Annecy goes to Cannes and highlights Ukrainian talent, Jan Konin, and Nadase

Ukrainian producers Anna Eliseeva, Igor Olesov and Irina Kostyuk – who have just left the car after driving the two-day drive between Kyiv and Cannes – kicked off this year’s Annecy Goes Day for the cartoon in Cannes with a call to arms.

“While Ukraine is fighting with Russia, we need to continue the fight at the cultural level,” said Olesov, whose project “Mavka, the song of the forest” (pictured) was one of five works in progress presented at the morning session on May 22. “Culture is our most powerful weapon at the moment, and we need to show our weapon to the whole world. This is why our team has double motivation.”

A family-friendly 3D adventure picked up from Ukrainian folklore, the feature-length project was selected to work on a Bordeaux cartoon in both 2017 and 2018 and has been in production since much earlier. Now with deals signed and delivered in September, the filmmaking team faces uncommon pressures on even the most complex of schedules.

“A lot of our animators work from shelters,” Kostyuk explained.
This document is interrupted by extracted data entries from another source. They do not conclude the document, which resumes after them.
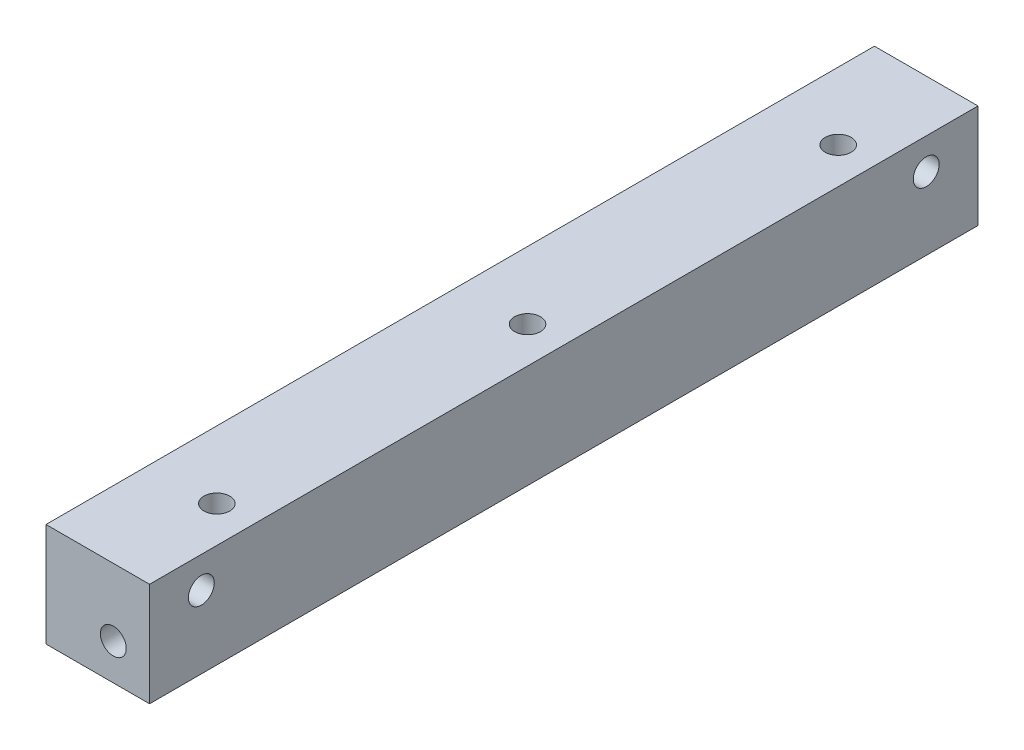
SolidWorks part; units mm, degrees
ref_plane "Ön Düzlem" through (0, 0, 0) normal (0, 0, 1) x (1, 0, 0)
ref_plane "Üst Düzlem" through (0, 0, 0) normal (0, 1, 0) x (1, 0, 0)
ref_plane "Sağ Düzlem" through (0, 0, 0) normal (1, 0, 0) x (0, 0, -1)
sketch "Çizim1" plane through (0, 0, 0) normal (0, 0, 1) x (1, 0, 0)
  line L0 (0, 20) -> (20, 0) construction
  line L1 (0, 0) -> (20, 0)
  line L2 (0, 0) -> (0, 20)
  line L3 (0, 20) -> (20, 20)
  line L4 (20, 0) -> (20, 20)
  line L5 (20, 20) -> (0, 0) construction
  point P4 (10, 10)
extrude "Yükseklik-Ekstrüzyon1" add sketch "Çizim1" along normal blind 160
sketch "Çizim2" plane through (0, 0, 0) normal (-1, 0, 0) x (0, 0, 1)
  line L0 (20, 0) -> (20, 20) construction
  line L1 (160, 0) -> (0, 0) construction
  line L2 (160, 20) -> (0, 20) construction
  line L3 (80, 0) -> (80, 20) construction
  line L4 (140, 0) -> (140, 20) construction
  line L5 (0, 20) -> (0, 0) construction
  line L6 (160, 20) -> (160, 0) construction
  line L7 (0, 7) -> (160, 7) construction
  point P16 (20, 7)
  point P17 (80, 7)
  point P18 (140, 7)
  dimension "D1" = 20
  dimension "D2" = 20
  dimension "D3" = 7
hole_wizard "Ø4.0mm Saplama Delikleri3" positions "3B Çizim1" profile "Çizim3" hole size "Ø4.0" standard "ANSI Metric"
sketch3d "3B Çizim1"
  point P0 (0, 7, 20)
  point P3 (0, 7, 80)
  point P6 (0, 7, 140)
sketch "Çizim3" plane through (0, 7, 20) normal (0, 1, 0) x (0, 0, 1)
  line L0 (0, 0) -> (0, 10)
  line L1 (0, 10) -> (2.5, 10)
  line L2 (2.5, 10) -> (2.5, 0)
  line L5 (2.5, 0) -> (0, 0)
  line L10 (0, 10) -> (-2.5, 10) construction
  line L11 (0, -6.35) -> (0, 107.95) construction
  dimension "Hole Dia." = 5
  dimension "Hole Depth" = 10
  dimension "Drill Angle" = 180
sketch "Çizim4" plane through (0, 20, 0) normal (0, 1, 0) x (1, 0, 0)
  line L0 (13, 0) -> (13, -160) construction
  line L1 (20, 0) -> (0, 0) construction
  line L2 (20, -160) -> (0, -160) construction
  line L3 (20, -160) -> (20, 0) construction
  line L4 (0, -20) -> (20, -20) construction
  line L5 (0, -80) -> (20, -80) construction
  line L6 (0, 0) -> (0, -160) construction
  line L7 (0, -140) -> (20, -140) construction
  point P19 (13, -20)
  point P20 (13, -80)
  point P21 (13, -140)
  dimension "D1" = 7
hole_wizard "Ø4.0mm Saplama Delikleri4" positions "3B Çizim2" profile "Çizim5" hole size "Ø4.0" standard "ANSI Metric"
sketch3d "3B Çizim2"
  point P0 (13, 20, 20)
  point P3 (13, 20, 80)
  point P6 (13, 20, 140)
sketch "Çizim5" plane through (13, 20, 20) normal (1, 0, 0) x (0, 0, 1)
  line L0 (0, 0) -> (0, 10)
  line L1 (0, 10) -> (2.5, 10)
  line L2 (2.5, 10) -> (2.5, 0)
  line L5 (2.5, 0) -> (0, 0)
  line L10 (0, 10) -> (-2.5, 10) construction
  line L11 (0, -6.35) -> (0, 107.95) construction
  dimension "Hole Dia." = 5
  dimension "Hole Depth" = 10
  dimension "Drill Angle" = 180
sketch "Çizim13" plane through (0, 0, 160) normal (0, 0, 1) x (1, 0, 0)
  line L0 (13, 20) -> (13, 0) construction
  line L1 (0, 0) -> (20, 0) construction
  line L2 (0, 7) -> (20, 7) construction
  line L3 (20, 0) -> (20, 20) construction
  circle A0 centre (13, 7) radius 2.5
extrude "Kes-Ekstrüzyon1" cut sketch "Çizim13" against normal blind 10
sketch "Çizim15" plane through (0, 0, 0) normal (0, 0, -1) x (-1, 0, 0)
  line L0 (-13, 20) -> (-13, 0) construction
  line L1 (0, 0) -> (-20, 0) construction
  line L2 (0, 7) -> (-20, 7) construction
  line L3 (-20, 0) -> (-20, 20) construction
  circle A0 centre (-13, 7) radius 2.5
extrude "Kes-Ekstrüzyon2" cut sketch "Çizim15" against normal blind 10
sketch "Çizim18" plane through (20, 0, 0) normal (1, 0, 0) x (0, 0, -1)
  line L0 (0, 0) -> (0, 20) construction
  line L1 (0, 20) -> (-160, 20) construction
  line L2 (-160, 0) -> (-160, 20) construction
  circle A0 centre (-10, 14) radius 2.5
  circle A1 centre (-150, 14) radius 2.5
  dimension "D1" = 10
  dimension "D2" = 6
  dimension "D3" = 10
  dimension "D4" = 6
extrude "Kes-Ekstrüzyon3" cut sketch "Çizim18" against normal blind 10
sketch "Çizim20" plane through (0, 0, 0) normal (0, -1, 0) x (1, 0, 0)
  line L0 (0, 0) -> (0, 160) construction
  line L1 (0, 0) -> (20, 0) construction
  line L2 (0, 160) -> (20, 160) construction
  circle A0 centre (6, 10) radius 2.5
  circle A1 centre (6, 150) radius 2.5
  dimension "D1" = 6
  dimension "D2" = 10
  dimension "D3" = 6
  dimension "D4" = 10
extrude "Kes-Ekstrüzyon4" cut sketch "Çizim20" against normal blind 10

They have been displaced and scattered all over the place. Some are in the occupied territories, facing Russian soldiers and tanks as they work to finish the film.”

While the project has already ensured distribution across a number of international territories, the film’s domestic future remains uncertain. “We don’t know when the local release will happen,” Eliseeva said. “We say it will happen after our victory – and that will be very cool.”

Of course, “Mavka, The Forest Song” was an odd thing for Annecy Goes to Cannes, a presentation in progress with Cannes Marché du Film and Annecy Intl. Animation Film Festival, where the other four titles are in early stages of development. While the Mafka team requested international support, the other four development projects were looking for international partners.

Directed by Zoltan Horvath, Jean-Jacques Kahn and Franck Van Leeuwen, and produced by Swiss company Nadasdy Films, the boxing drama “Closed Fist” tells the true story of Young Perez, a Tunisian Jewish immigrant who became the youngest world flyweight champion, and his older brother Kidd, who survived From the war and carrying his brother’s legacy. Heading into production, the project will use motion capture to give boxing bouts their punches while linking 2D computer animation, 3D graphics, and drawing in a visual style that’s supposed to look like a pattern.

“Lollipop” director Lisa Marie Russo called her visual test “serious Disney,” explaining that her semi-autobiographical story will deal with a woman’s battle with breast cancer with the iconic color, 2D graphics, and accessible character designs of some of the early ’90s films. . A non-fiction producer and past chair of the BFI Document Fund, Rousseau was also associated with the possibilities of fiction and one-on-one animation, especially when exploring a subject often not drawn in the shadows of documentary realism. She will produce Fly Films and Enter Yes.

Led by Naïa Productions and based on the bestselling trilogy of French graphic novels, “Epiphania” directed by Jan Kounen tells the story of a father and his son, following a human man and his adopted hybrid child across a sprawling science fiction landscape. Series creator Ludovic Debeurme has already set the tone with his dense and thoughtful appendix, and now Kounen is working with animation studio Mac Guff Ligne to translate Debeurme’s graphic novel designs into scalable 3D models. As he embarks on his first animation feature, Kounen will use the set of tools he’s accumulated over the past few years to direct immersive and virtual reality experiences.

Reminiscent of a ’90s indie comedy, When Adam Changes by Joel Vaudrell is a two-dimensional coming-of-age story about the horrors of puberty. Like the distant Quebec cousin of Mike Judge’s earliest work, Vaudreille addresses the embarrassment of adolescence by giving each character a unique shape and personality, no more than Adam himself, whose body includes all the sarcasm he receives. In the screened footage, the gritty teen hangs out with a potential crush, watches tacky game shows and suffers the awkward, awkward midsummer feel of being young and bored with little to do. Parce Que Films is produced by Parce Que Films.

Three weeks after Annecy goes to Cannes, the animator is going to Annecy for a huge festival – the MIFA Market Edition, which runs from June 13-18.